The Official State Gun of Tennessee Can Down a Jetliner

 

TennesseeGunThe official state bird of Tennessee is the mockingbird. The state reptile is the Eastern Box Turtle. The state fruit is the tomato. And the state rifle is one of the most destructive weapons currently available for civilian use, so powerful it can “penetrate light armor, down helicopters, destroy commercial aircraft, and blast through rail cars,” according to a report from the Violence Policy Center (VPC).

The Barrett .50 caliber rifle was designed by its namesake, Ronnie Barrett, a Volunteer State native and NRA board member, out of a “passion for the ultimate firearm.” This Wednesday it became the seventh firearm to be designated an “official state gun” since the practice began in 2011, according to the Washington Post.

The Post reported:

In supporting Tennessee’s designation of the Barrett .50 caliber as the state’s official rifle, Republican state senator Mae Beavers noted that the gun “honors Tennessee’s ingenuity and manufacturing.” But the gun’s considerable firepower makes it a formidable threat in the hands of the wrong person.

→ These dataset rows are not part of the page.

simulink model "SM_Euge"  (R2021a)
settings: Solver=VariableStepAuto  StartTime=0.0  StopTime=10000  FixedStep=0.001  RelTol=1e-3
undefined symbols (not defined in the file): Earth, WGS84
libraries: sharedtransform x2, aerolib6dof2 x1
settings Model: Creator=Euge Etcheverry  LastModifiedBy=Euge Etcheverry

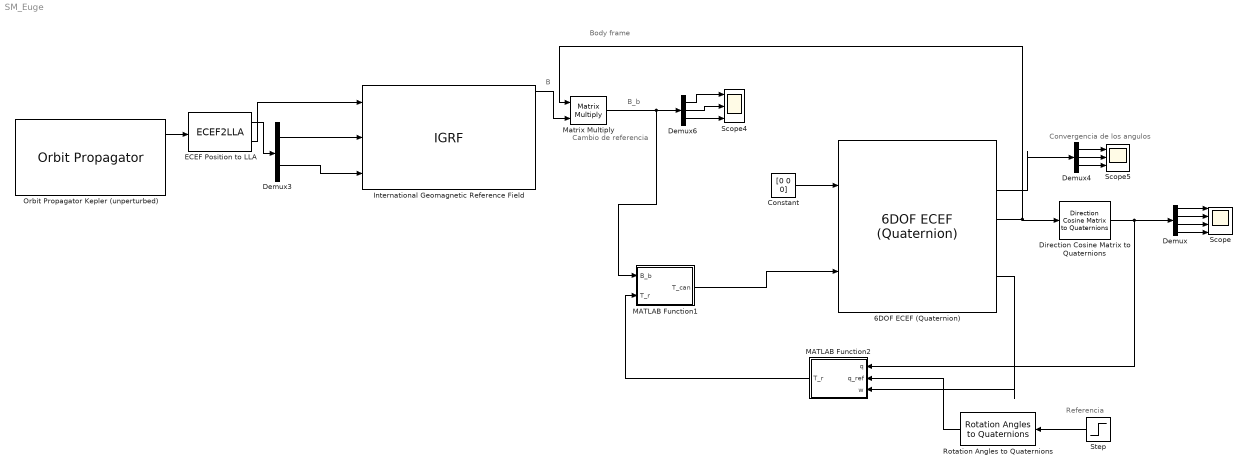
== system SM_Euge ==
  note: Body frame
  note: B
  note: B_b
  note: Cambio de referencia
  note: Referencia
  note: Convergencia de los angulos
  6DOF ECEF (Quaternion) : aerolib6dof2/6DOF ECEF (Quaternion)  units=Metric (MKS)  mtype=Fixed  xg_0=[0 0 0]  Vm_0=[0 0 0]  eul_0="[0  0 0]"  pm_0=[0 0 0]  mass_0=1.0  mass_e=0.5  mass_f=2.0  inertia=2e-3*eye(3)  inertia_e=eye(3)  inertia_f=2*eye(3)  vre_flag=on  abi_flag=off  ptype=Earth (WGS84)  R=6378137  F=1/298.257223563  w_E=7292115e-11  angle_in=Internal  LG0=0  quat_statename=''  pm_statename=''  Vm_statename=''  posECEF_statename=''  posECI_statename=''  LG_statename=''  mass_statename=''
      settings: SourceProductBaseCode=AE
  Constant : Constant  Value=[0 0 0]
  Demux : Demux
  Demux3 : Demux  Outputs=2
  Demux4 : Demux  Outputs=3
  Demux6 : Demux  Outputs=3
  Direction Cosine Matrix to Quaternions : sharedtransform/Direction Cosine Matrix  to Quaternions  aMode=0  action=None  tolerance=eps(2)
      settings: SourceProductBaseCode=AE,PW,DR,MT,UV,VE
  ECEF Position to LLA : ECEF2LLA
  International Geomagnetic Reference Field : IGRF  time_in=off  month=February  day=23  year=2024
      settings: AttributesFormatString=%<generation>
  MATLAB Function1 : MATLAB Function  TreatAsAtomicUnit=on
  MATLAB Function2 : MATLAB Function  TreatAsAtomicUnit=on
  Matrix Multiply : Product  Multiplication=Matrix(*)
  Orbit Propagator Kepler (unperturbed) : OrbitPropagator  startDate=[2024, 02, 23, 12, 32, 16]  eccentricity=0.0005  inclination=98.06  raan=105  trueAnomaly=180  customMu=4.305e13  customJ2=1.0826269e-03  timeFormat=Gregorian
  Rotation Angles to Quaternions : sharedtransform/Rotation Angles to Quaternions  rotationOrder=ZYX  aMode=aMode
      settings: SourceProductBaseCode=AE,PW,DR,MT,UV,VE
  Scope : Scope  NumInputPorts=4
  Scope4 : Scope  NumInputPorts=3
  Scope5 : Scope  NumInputPorts=3
  Step : Step  Before=[0, 0, 0]  After=[0, 0.8, 0.8]  SampleTime=0
  wires:
  6DOF ECEF (Quaternion)/6 -> Matrix Multiply/1, Direction Cosine Matrix to Quaternions/1
  Direction Cosine Matrix to Quaternions/1 -> MATLAB Function2/1(q), Demux/1
  Demux/1 -> Scope/1
  Demux/3 -> Scope/3
  Demux/4 -> Scope/4
  Demux/2 -> Scope/2
  Rotation Angles to Quaternions/1 -> MATLAB Function2/2(q_ref)
  Demux4/1 -> Scope5/1
  Demux4/2 -> Scope5/2
  Demux4/3 -> Scope5/3
  6DOF ECEF (Quaternion)/4 -> Demux4/1
  ECEF Position to LLA/1 -> Demux3/1
  Orbit Propagator Kepler (unperturbed)/1 -> ECEF Position to LLA/1
  Step/1 -> Rotation Angles to Quaternions/1
  International Geomagnetic Reference Field/1 -> Matrix Multiply/2
  Matrix Multiply/1 -> MATLAB Function1/1(B_b), Demux6/1
  Constant/1 -> 6DOF ECEF (Quaternion)/1
  Demux6/1 -> Scope4/1
  Demux6/2 -> Scope4/2
  Demux6/3 -> Scope4/3
  ECEF Position to LLA/2 -> International Geomagnetic Reference Field/1
  Demux3/1 -> International Geomagnetic Reference Field/2
  Demux3/2 -> International Geomagnetic Reference Field/3
  MATLAB Function2/1(T_r) -> MATLAB Function1/2(T_r)
  MATLAB Function1/1(T_can) -> 6DOF ECEF (Quaternion)/2
  6DOF ECEF (Quaternion)/10 -> MATLAB Function2/3(w)

== matlab function SM_Euge/MATLAB Function2 ==
  data: q input; q_ref input; T_r output; w input
function T_r = fcn(q,q_ref, w)
%Inertia
I_xx = 2e-3;
I_yy = 2e-3;
I_zz = 2e-3;
%Error between the quaternions
%Calculate relative quaternion (q2 * inv(q1))
q_error = zeros(1,4); 
q_error = quatmultiply(q_ref, quatinv(q));
%Persistent variable to store previous error
persistent e_prev
if isempty(e_prev)
   e_prev = [0 0 0 0];
end 
dt = 10e-3; %Sampling time
a = 1;
%Sliding surface
q_diff = quatmultiply(q_error, quatinv(e_prev))
sj = q_diff(3)/dt + a*q_error(3);
sk = q_diff(4)/dt + a*q_error(4);
%Save in memory
e_prev = q_error;
%Dynamics 
f_j = -((I_xx - I_zz)/I_yy)*w(3)*w(1);
f_k = -((I_yy - I_xx)/I_zz)*w(2)*w(1);
%Input 
g_j = 1/I_yy;
g_k = 1/I_zz;
% Control law: u = -inv(Cg) * Cf
% Sliding matrix C = [0 0 1 0 0 a 0; 0 0 0 1 0 0 a]
% Only affects uj and uk, so reduced to:
Cg = [g_j 0; 0 g_k];
Cf = [f_j + a * 0; f_k + a * 0];  % No time deriv of w_j, w_k here
% Control torques (only j and k)
u_jk = -Cg \ Cf;
% Assemble total torque vector
T_r = [0 u_jk(1) u_jk(2)];

== matlab function SM_Euge/MATLAB Function1 ==
  data: B_b input; T_can output; T_r input
function T_can = fcn(B_b, T_r)
    B_escalado = B_b * 1e-9;
    %B_norm = norm(B_escalado);
    %if B_norm < 1e-12 %Por si es muy chico
        %T_can = [0; 0; 0];
        %return;
    %end
   % M = cross(B_escalado, T_r)/(B_norm^2);
    %Limites de saturacion del momento magnetico
   % M(3) = 0;
    %M_max = 0.2;
    %for i = 2:3
        %if M(i) > M_max
        %    M(i) = M_max;
        %elseif M(i) < -M_max
         %   M(i) = -M_max;
        %end
    %end
    %T_can = cross(M, B_escalado);
    %T_can(3) = 0;
    %Se que T = M x B y que como queremos controlar Z, Mz = 0
    M = [0; 0; 0];
    M(1) = -T_r(2)/(B_escalado(3));
    M(2) = T_r(1)/(B_escalado(3));
    M(3) = 0;
    M_max = 0.2;
    for i = 1:2
        if M(i) > M_max
            M(i) = M_max;
        elseif M(i) < -M_max
            M(i) = -M_max;
        end
    end
    T_can = cross(M, B_escalado);
    T_can(3) = 0;
end
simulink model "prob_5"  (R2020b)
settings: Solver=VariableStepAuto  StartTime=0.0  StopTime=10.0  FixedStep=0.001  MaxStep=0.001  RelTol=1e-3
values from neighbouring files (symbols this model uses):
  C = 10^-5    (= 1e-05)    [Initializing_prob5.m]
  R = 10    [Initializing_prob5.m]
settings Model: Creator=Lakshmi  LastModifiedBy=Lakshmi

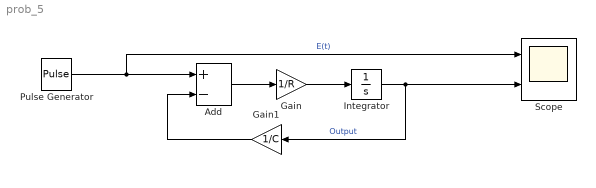
== system prob_5 ==
  Add : Sum  Inputs=+-
  Gain : Gain  Gain=1/R
  Gain1 : Gain  Gain=1/C
  Integrator : Integrator  InitialCondition=10
  Pulse Generator : DiscretePulseGenerator  PulseType=Time based  Period=5  PulseWidth=5
  Scope : Scope  NumInputPorts=2
  wires:
  Integrator/1 -> Scope/2, Gain1/1  "Output"
  Gain/1 -> Integrator/1
  Add/1 -> Gain/1
  Pulse Generator/1 -> Scope/1, Add/1  "E(t)"
  Gain1/1 -> Add/2
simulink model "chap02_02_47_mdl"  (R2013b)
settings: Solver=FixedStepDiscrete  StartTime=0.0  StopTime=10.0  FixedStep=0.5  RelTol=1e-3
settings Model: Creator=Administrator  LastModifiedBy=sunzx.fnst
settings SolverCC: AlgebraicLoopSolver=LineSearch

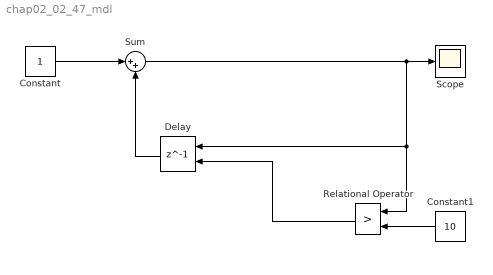
== system chap02_02_47_mdl ==
  Constant : Constant
  Constant1 : Constant  Value=10
  Delay : Delay  DelayLength=1  InitialCondition=0  ExternalReset=Level
      settings: InputPortMap=u0,r5
  Relational Operator : RelationalOperator  Operator=>  OutDataTypeStr=boolean  ZeroCross=off
  Scope : Scope
  Sum : Sum  Inputs=|++
  wires:
  Constant/1 -> Sum/1
  Sum/1 -> Relational Operator/1, Delay/1, Scope/1
  Delay/1 -> Sum/2
  Constant1/1 -> Relational Operator/2
  Relational Operator/1 -> Delay/2
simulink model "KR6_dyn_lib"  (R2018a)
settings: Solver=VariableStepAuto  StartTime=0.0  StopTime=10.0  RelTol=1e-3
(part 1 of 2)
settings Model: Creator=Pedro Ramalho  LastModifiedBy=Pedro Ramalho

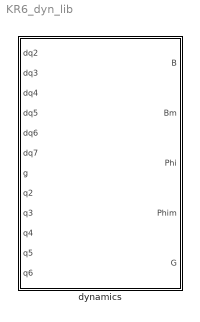
== system KR6_dyn_lib ==
  dynamics : MATLAB Function  TreatAsAtomicUnit=on

The VPC report advised that long-range .50 caliber anti-armor sniper rifles of this nature were originally designed for military use, and presented an “imminent threat to national security” should they be used by terrorists. The report adds further that “officials responsible for national security have for two decades been so concerned about the easy availability of these rifles that they have advised taking special measures to protect high-profile targets from their devastating capabilities.”

New Jersey Gov. Chris Christie in 2013 vetoed a ban on .50 caliber guns saying that it would “serve only to confuse law-abiding gun owners with the threat of imprisonment for lawful recreation.”

Barrett himself once described the gun as a “toy,” he said. “It’s a high-end adult recreational toy.”

According to Barrett’s product description on his company’s website: “Emergency iron sights provided. Nerves of steel are not.”